Thursday, September 18, 2014

Meaning Of Tangible Book Value

A company's true book value can make or break business deals.


In the world of business, investments and stock trading, a company's worth is only as good as its financial figures. Financial professionals, auditors and accountants pore over the complete financial records for a company and analyze every last penny to come up with a final value figure known as the tangible book value.


Definition


Book value is the overall worth of assets and investments minus existing debts and liabilites.


The book value is basically a measure of the total debts and liabilities subtracted from the total of all current monetary assets. Book value is often synonymous with the net value. Speaking in terms of assets, tangible assets are those that are physically present and available such as owned property, product inventory, cash reserves, receivables and investments. Intangible assets might include things such as patents, trademarks, copyrights and future earnings potential or expected returns. The tangible book value relies on the overall value of those tangible assets rather than intangibles.


Intangible Tangibles


Real value can sometimes be found even in a company's intangible assets.


In some cases, tangible and intangible assets can be somewhat of a gray area and may not truly reflect a company's total book value.
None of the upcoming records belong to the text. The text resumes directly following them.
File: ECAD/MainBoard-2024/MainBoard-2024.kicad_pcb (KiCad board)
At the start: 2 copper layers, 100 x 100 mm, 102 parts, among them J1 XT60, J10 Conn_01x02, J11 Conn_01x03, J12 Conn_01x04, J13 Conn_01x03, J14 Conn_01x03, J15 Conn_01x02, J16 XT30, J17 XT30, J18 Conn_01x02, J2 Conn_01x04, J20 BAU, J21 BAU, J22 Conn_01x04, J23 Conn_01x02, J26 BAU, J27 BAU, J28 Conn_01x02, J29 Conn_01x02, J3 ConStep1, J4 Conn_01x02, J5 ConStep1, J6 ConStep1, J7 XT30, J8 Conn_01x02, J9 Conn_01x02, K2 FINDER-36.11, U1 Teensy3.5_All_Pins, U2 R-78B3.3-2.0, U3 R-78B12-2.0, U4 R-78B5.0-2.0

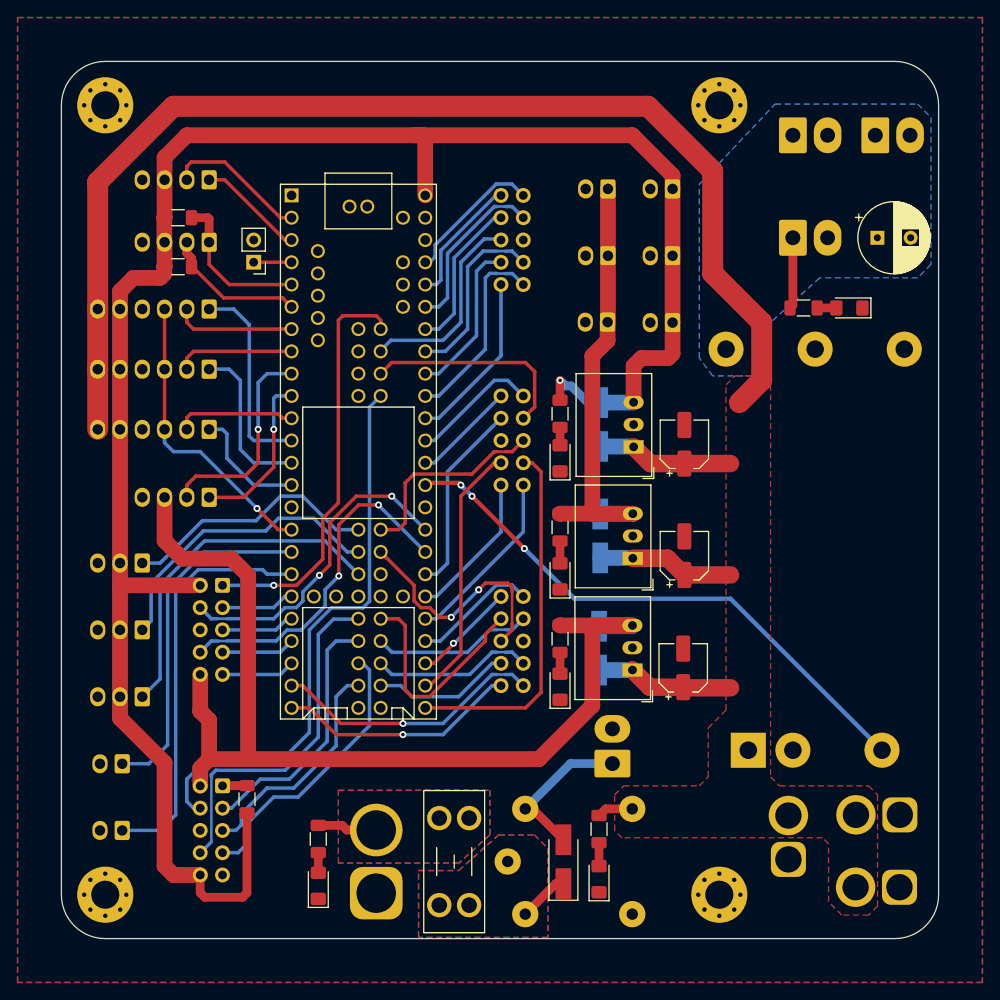
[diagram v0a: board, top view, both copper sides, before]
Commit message: Update Silkscreen
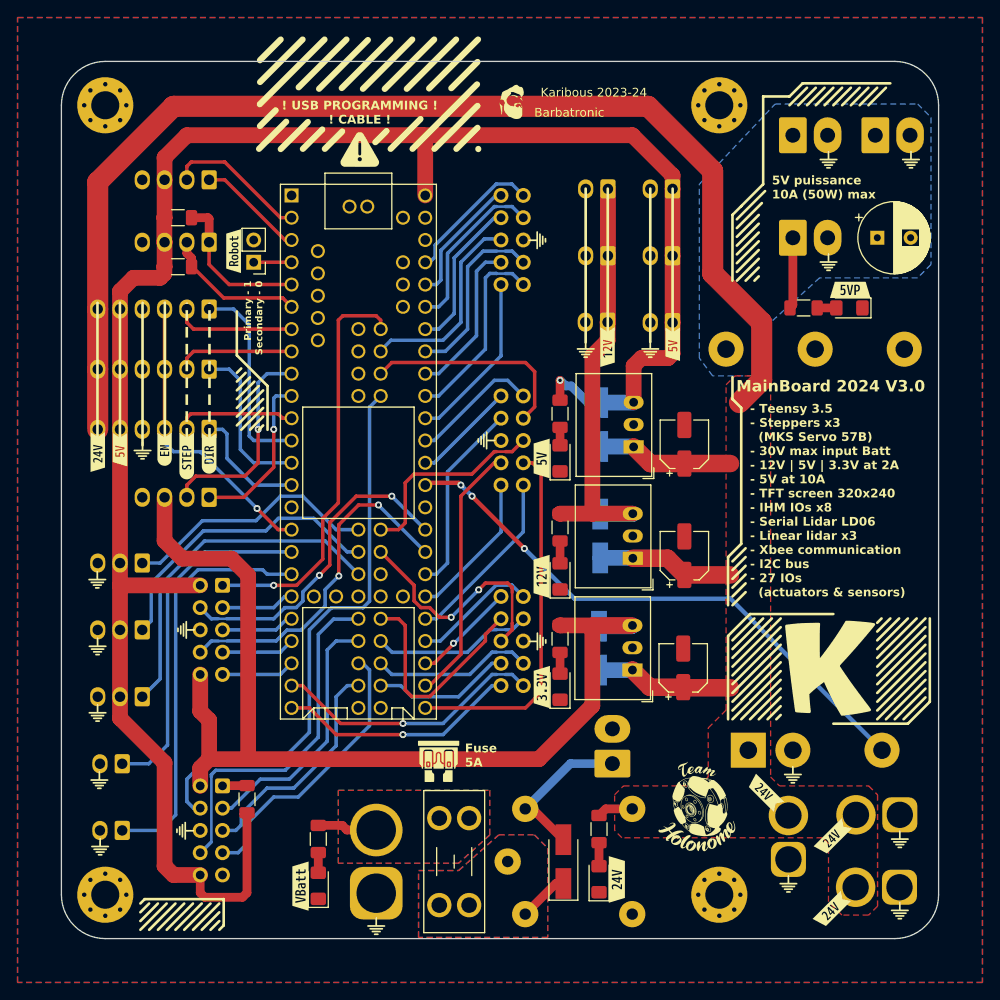
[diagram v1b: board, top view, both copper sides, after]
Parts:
- added G***: LOGO, LOGO, F.Cu at (195.6, 146.8)
- added G***: LOGO, LOGO, F.Cu at (148.4, 93.2)
- added G***: LOGO, LOGO, F.Cu at (114.1, 137.7)
- added G***: LOGO, LOGO, F.Cu at (187.5, 61.2)
- added G***: LOGO, LOGO, F.Cu at (154.3, 116.1)
- added G***: LOGO, LOGO, F.Cu at (109.2, 94.4)
- added G***: LOGO, LOGO, F.Cu at (167.1, 82.8)
- added G***: LOGO, LOGO, F.Cu at (134.0, 60.0)
- added G***: LOGO, LOGO, F.Cu at (104.4, 139.5)
- added G***: LOGO, LOGO, F.Cu at (187.5, 72.9)
- added G***: LOGO, LOGO, F.Cu at (104.3, 131.9)
- added G***: LOGO, LOGO, F.Cu at (183.4, 131.3)
- added G***: LOGO, LOGO, F.Cu at (104.1, 109.1)
- added G***: LOGO, LOGO, F.Cu at (104.1, 116.7)
- added G***: LOGO, LOGO, F.Cu at (196.8, 61.2)
- added G***: LOGO, LOGO, F.Cu at (182.9, 143.8)
- added G***: LOGO, LOGO, F.Cu at (154.3, 70.4)
- added G***: LOGO, LOGO, F.Cu at (114.2, 114.8)
- added G***: LOGO, LOGO, B.Cu at (121.0, 63.6)
- added G***: LOGO, LOGO, F.Cu at (135.9, 148.6)
- added G***: LOGO, LOGO, B.Cu at (120.4, 99.6)
- added G***: LOGO, LOGO, F.Cu at (195.6, 138.7)
- added G***: LOGO, LOGO, F.Cu at (172.5, 135.0)
- added G***: LOGO, LOGO, F.Cu at (151.3, 54.6)
- added G***: LOGO, LOGO, F.Cu at (104.1, 124.3)
- added G***: LOGO, LOGO, F.Cu at (159.8, 82.8)
- added G***: LOGO, LOGO, F.Cu at (143.0, 129.8)
- added kibuzzard-64944345: G***, kibuzzard-64944345, F.Cu at (154.7, 95.3)
- added kibuzzard-6494437E: G***, kibuzzard-6494437E, F.Cu at (154.7, 108.7)
- added kibuzzard-64944398: G***, kibuzzard-64944398, F.Cu at (154.8, 121.3)
- added kibuzzard-649443C2: G***, kibuzzard-649443C2, F.Cu at (189.9, 76.0)
- added kibuzzard-649443DA: G***, kibuzzard-649443DA, F.Cu at (127.3, 144.0)
- added kibuzzard-649443F6: G***, kibuzzard-649443F6, F.Cu at (163.3, 143.3)
- added kibuzzard-6494443F: G***, kibuzzard-6494443F, F.Cu at (119.6, 71.6)
- added kibuzzard-64944CDF: G***, kibuzzard-64944CDF, F.Cu at (111.8, 94.2)
- added kibuzzard-64944CEA: G***, kibuzzard-64944CEA, F.Cu at (114.3, 95.0)
- added kibuzzard-64944CF9: G***, kibuzzard-64944CF9, F.Cu at (116.8, 94.7)
- added kibuzzard-64944D19: G***, kibuzzard-64944D19, F.Cu at (169.7, 82.2)
- added kibuzzard-64944D19: G***, kibuzzard-64944D19, F.Cu at (106.7, 94.3)
- added kibuzzard-64944D37: G***, kibuzzard-64944D37, F.Cu at (187.8, 146.7)
- added kibuzzard-64944D37: G***, kibuzzard-64944D37, F.Cu at (180.2, 133.4)
- added kibuzzard-64944D37: G***, kibuzzard-64944D37, F.Cu at (104.1, 94.5)
- added kibuzzard-64944D37: G***, kibuzzard-64944D37, F.Cu at (187.9, 138.5)
- added kibuzzard-64944DAA: G***, kibuzzard-64944DAA, F.Cu at (162.3, 82.6)
- moved kibuzzard-6493EE56 6.12 mm to (121.5, 81.0)
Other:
- board text added: "! USB PROGRAMMING ! ! CABLE !"
- board text added: "- Teensy 3.5 - Steppers x3 (MKS Servo 57B) - 30V max input Batt - 12V | 5V | 3.3V at 2A - 5V at 10A - TFT screen 320x240 - IHM IOs x8 - Serial Lidar LD06 - Linear lidar x3 - Xbee communication - I2C bus - 27 IOs (actuators & sensors)"
- board text added: "5V puissance 10A (50W) max"
- board text added: "Barbatronic"
- board text added: "Fuse 5A"
- board text added: "Karibous 2023-24"
- board text added: "MainBoard 2024 V3.0"
- board text added: "Primary - 1 Secondary - 0"

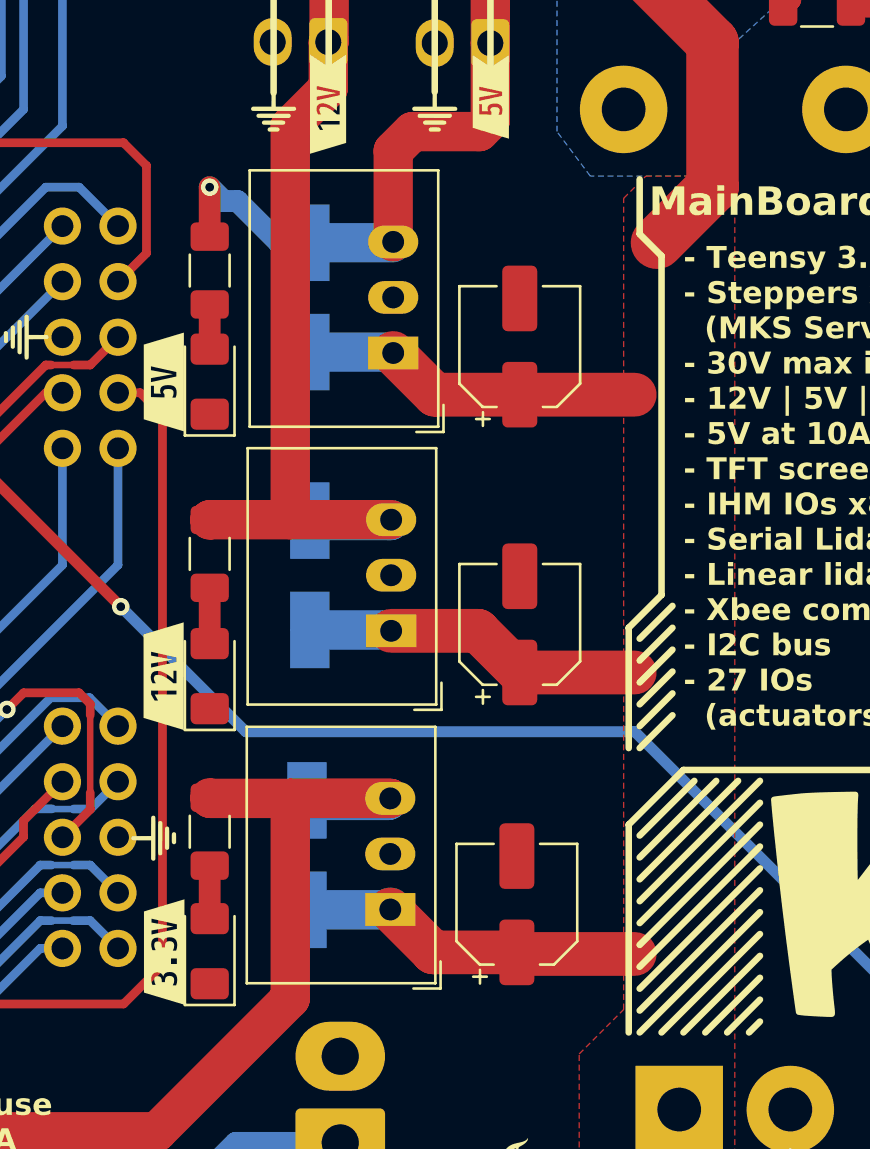
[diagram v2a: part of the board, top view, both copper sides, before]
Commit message: fix recom 78b05 orientation
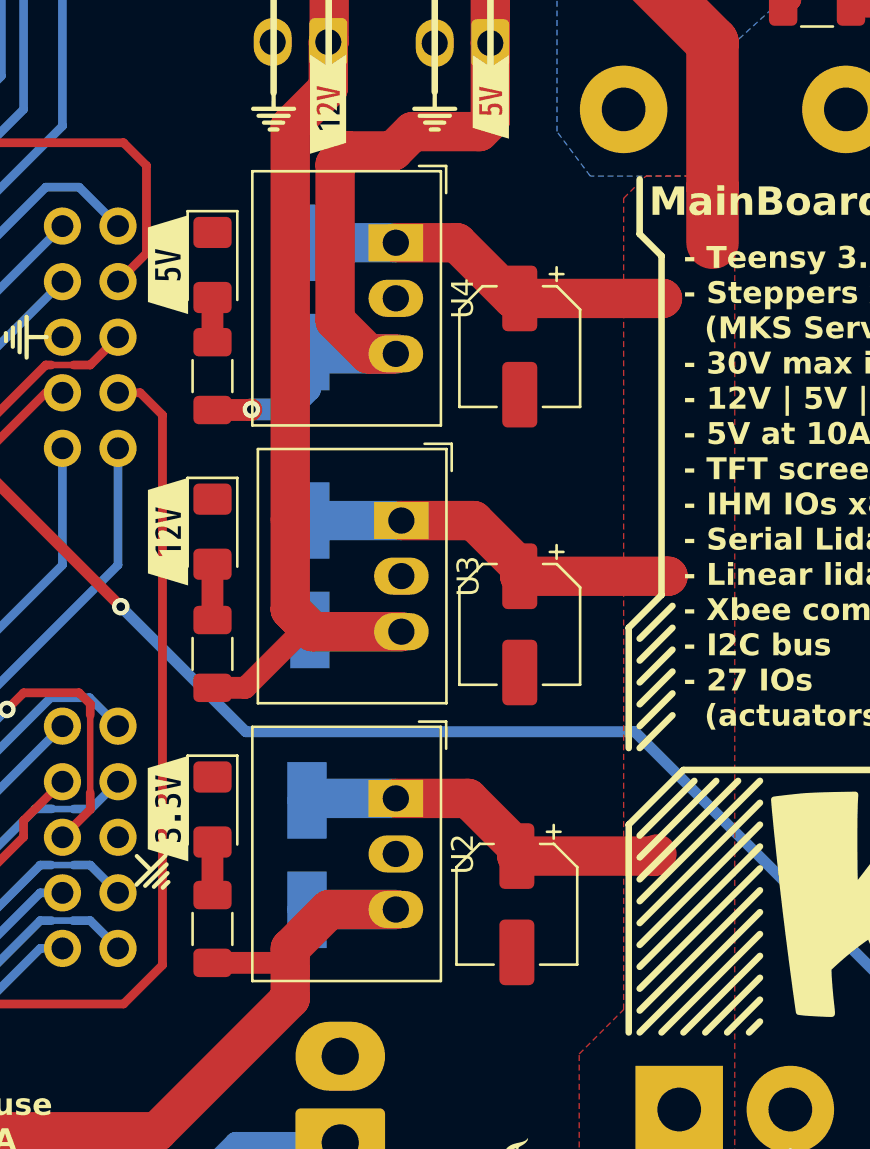
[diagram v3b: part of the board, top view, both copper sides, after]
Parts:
- U2, U3, U4: footprint Converter_DCDC:Converter_DCDC_RECOM_R-78E-0.5_THT -> Converter_DCDC:Converter_DCDC_RECOM_R-78B-2.0_THT
- moved kibuzzard-6494437E 6.61 mm to (154.9, 102.1)
- moved D10 6.61 mm to (157.0, 102.1), turned to -90 degrees
- moved kibuzzard-64944398 6.56 mm to (154.9, 114.8)
- moved D8 6.48 mm to (157.0, 114.8), turned to -90 degrees
- moved kibuzzard-6493EE56 6.38 mm to (121.5, 87.4)
- moved kibuzzard-64944345 5.37 mm to (154.9, 89.9)
- moved D3 5.34 mm to (157.0, 89.9), turned to -90 degrees
- moved U2 5.09 mm to (165.4, 114.3), turned to -90 degrees
- moved U3 5.06 mm to (165.6, 101.6), turned to -90 degrees
- moved U4 5.04 mm to (165.4, 88.9), turned to -90 degrees
- moved R2 4.83 mm to (157.0, 95.0), turned to -90 degrees
- moved R5 4.57 mm to (157.0, 107.7), turned to -90 degrees
- moved R17 4.45 mm to (157.0, 120.3), turned to -90 degrees
- moved G*** 1.49 mm to (154.2, 117.6), turned to 45 degrees
- turned C1 to -90 degrees
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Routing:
- net +3V3: track 122.7 -> 112.5 mm
- net +12V: track 49.8 -> 58.1 mm
- net +5V: track 227.4 -> 235.5 mm
- net +24V: track 186.0 -> 190.1 mm

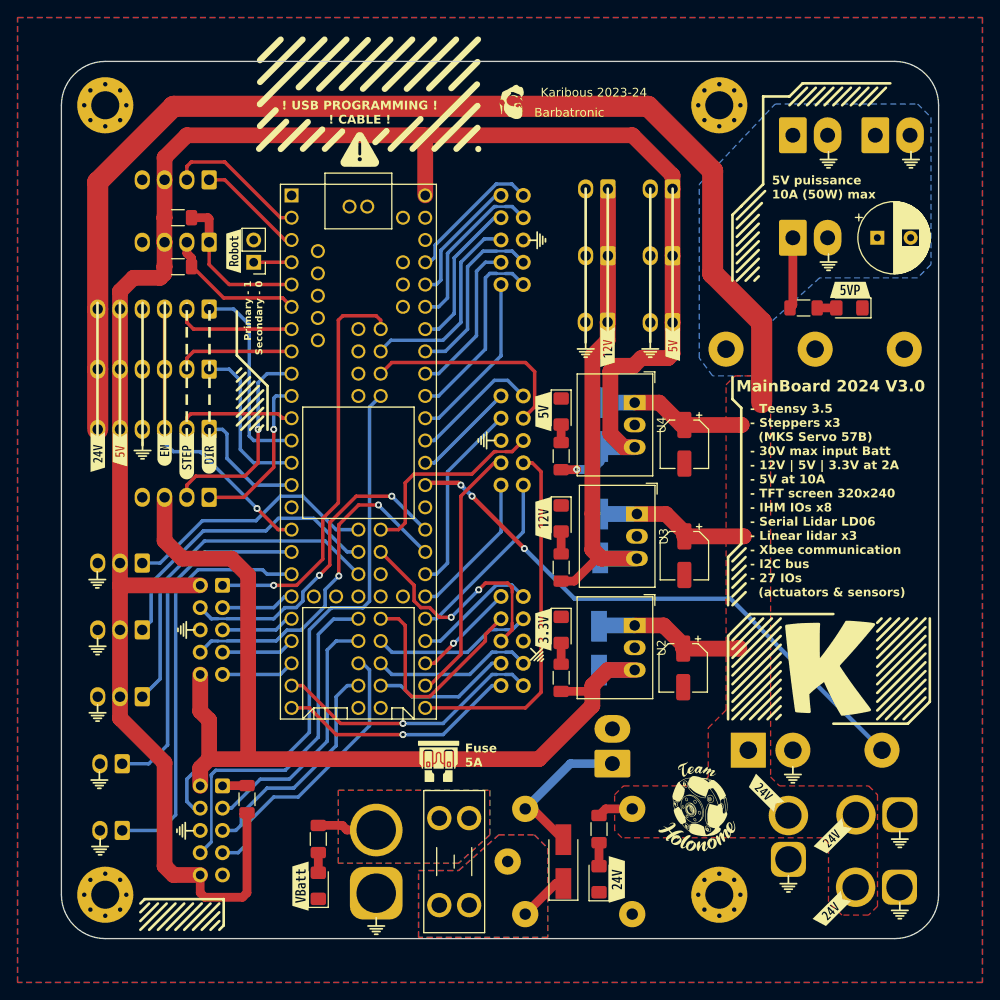
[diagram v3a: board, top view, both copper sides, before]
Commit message: fix gap on recom - Add vias
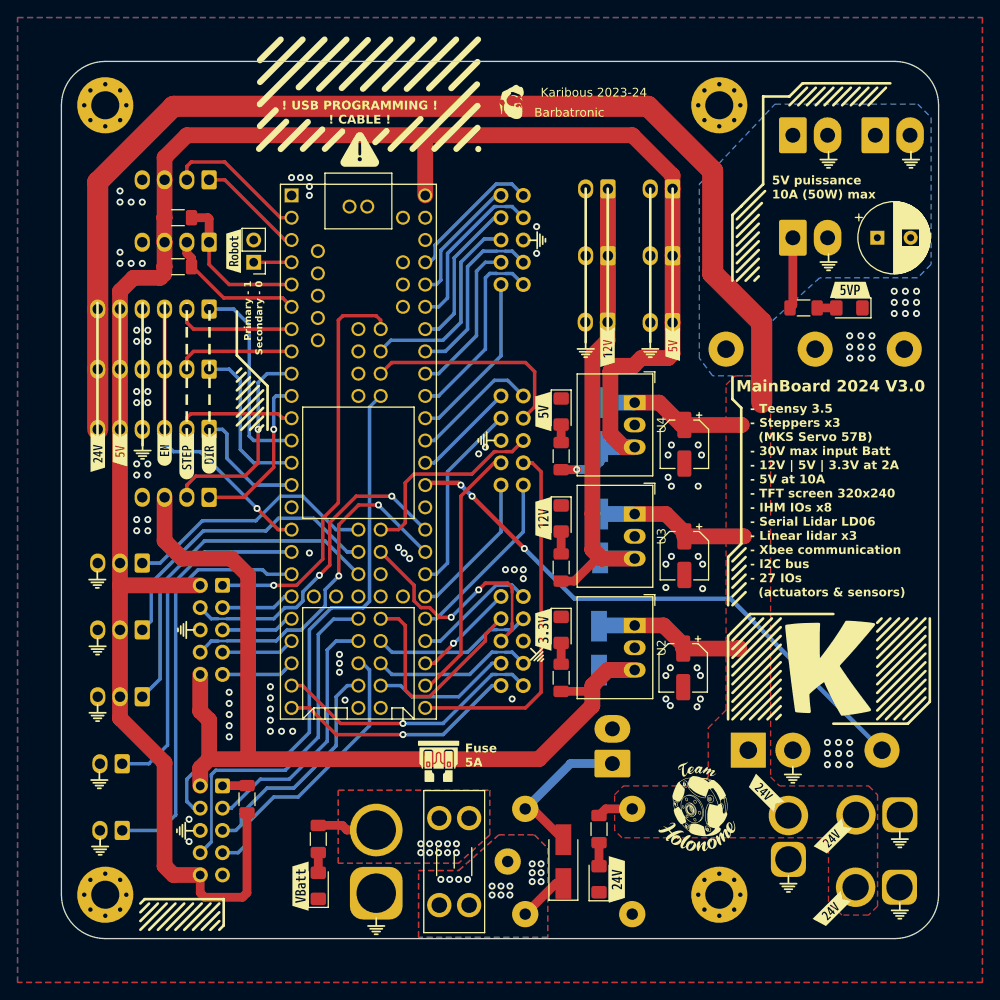
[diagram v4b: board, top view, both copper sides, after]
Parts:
- moved U3 0.25 mm to (165.4, 101.6)
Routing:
- net GND: vias 0 -> 108
- net /24VD: vias 0 -> 16
- net +BATT: vias 0 -> 10

An asset such as a building, a fleet of vehicles or landholdings are clearly tangible, and provided they are owned without debt against them, the assets can be considered part of the total asset holdings. Intangible assets such as licenses and copyrights are not typically considered part of tangible assets. If a deal is made to sell a patent or lease a copyright, however, then that formerly intangible asset is in effect converted into a tangible asset.


Book Value Trading


A company's book value is often a major part of its stock analysis.


The book value is often a major consideration in the stock market. Stock analysts look at the overall net worth of a company and divide that net worth figure by the number of shares available. If the company's stock price is lower than the value per share, that company is said to be trading below book value. Generally speaking, that company would be considered a good investment because it can be purchased for less than its actual computed value.


Reliability


Shareholders and investors have to look at the whole picture, not just the tangible book value.


Although the tangible book value is sometimes used as a measure to determine a company's share value and investment viability, it does not always reveal the entire picture. Even if a company is trading below the current tangible book value, it may be a result of noticeably dwindling profit margins or shareholder mistrust in a company headed for failure.


Personal Book Value


Your book value includes collectible items which you could sell to raise cash.


Individuals have their own book value just as companies and corporations do. Your individual book value can be determined by adding the total of all current assets and subtracting the total of all your debts. Assets include houses, cars, investments, savings accounts and cash on hand. They also include all personal items that could be sold for cash such as jewelry, books, furniture and collectibles. Debts include any outstanding loans on the assets such as a mortgage, as well as any credit card debt or personal debts.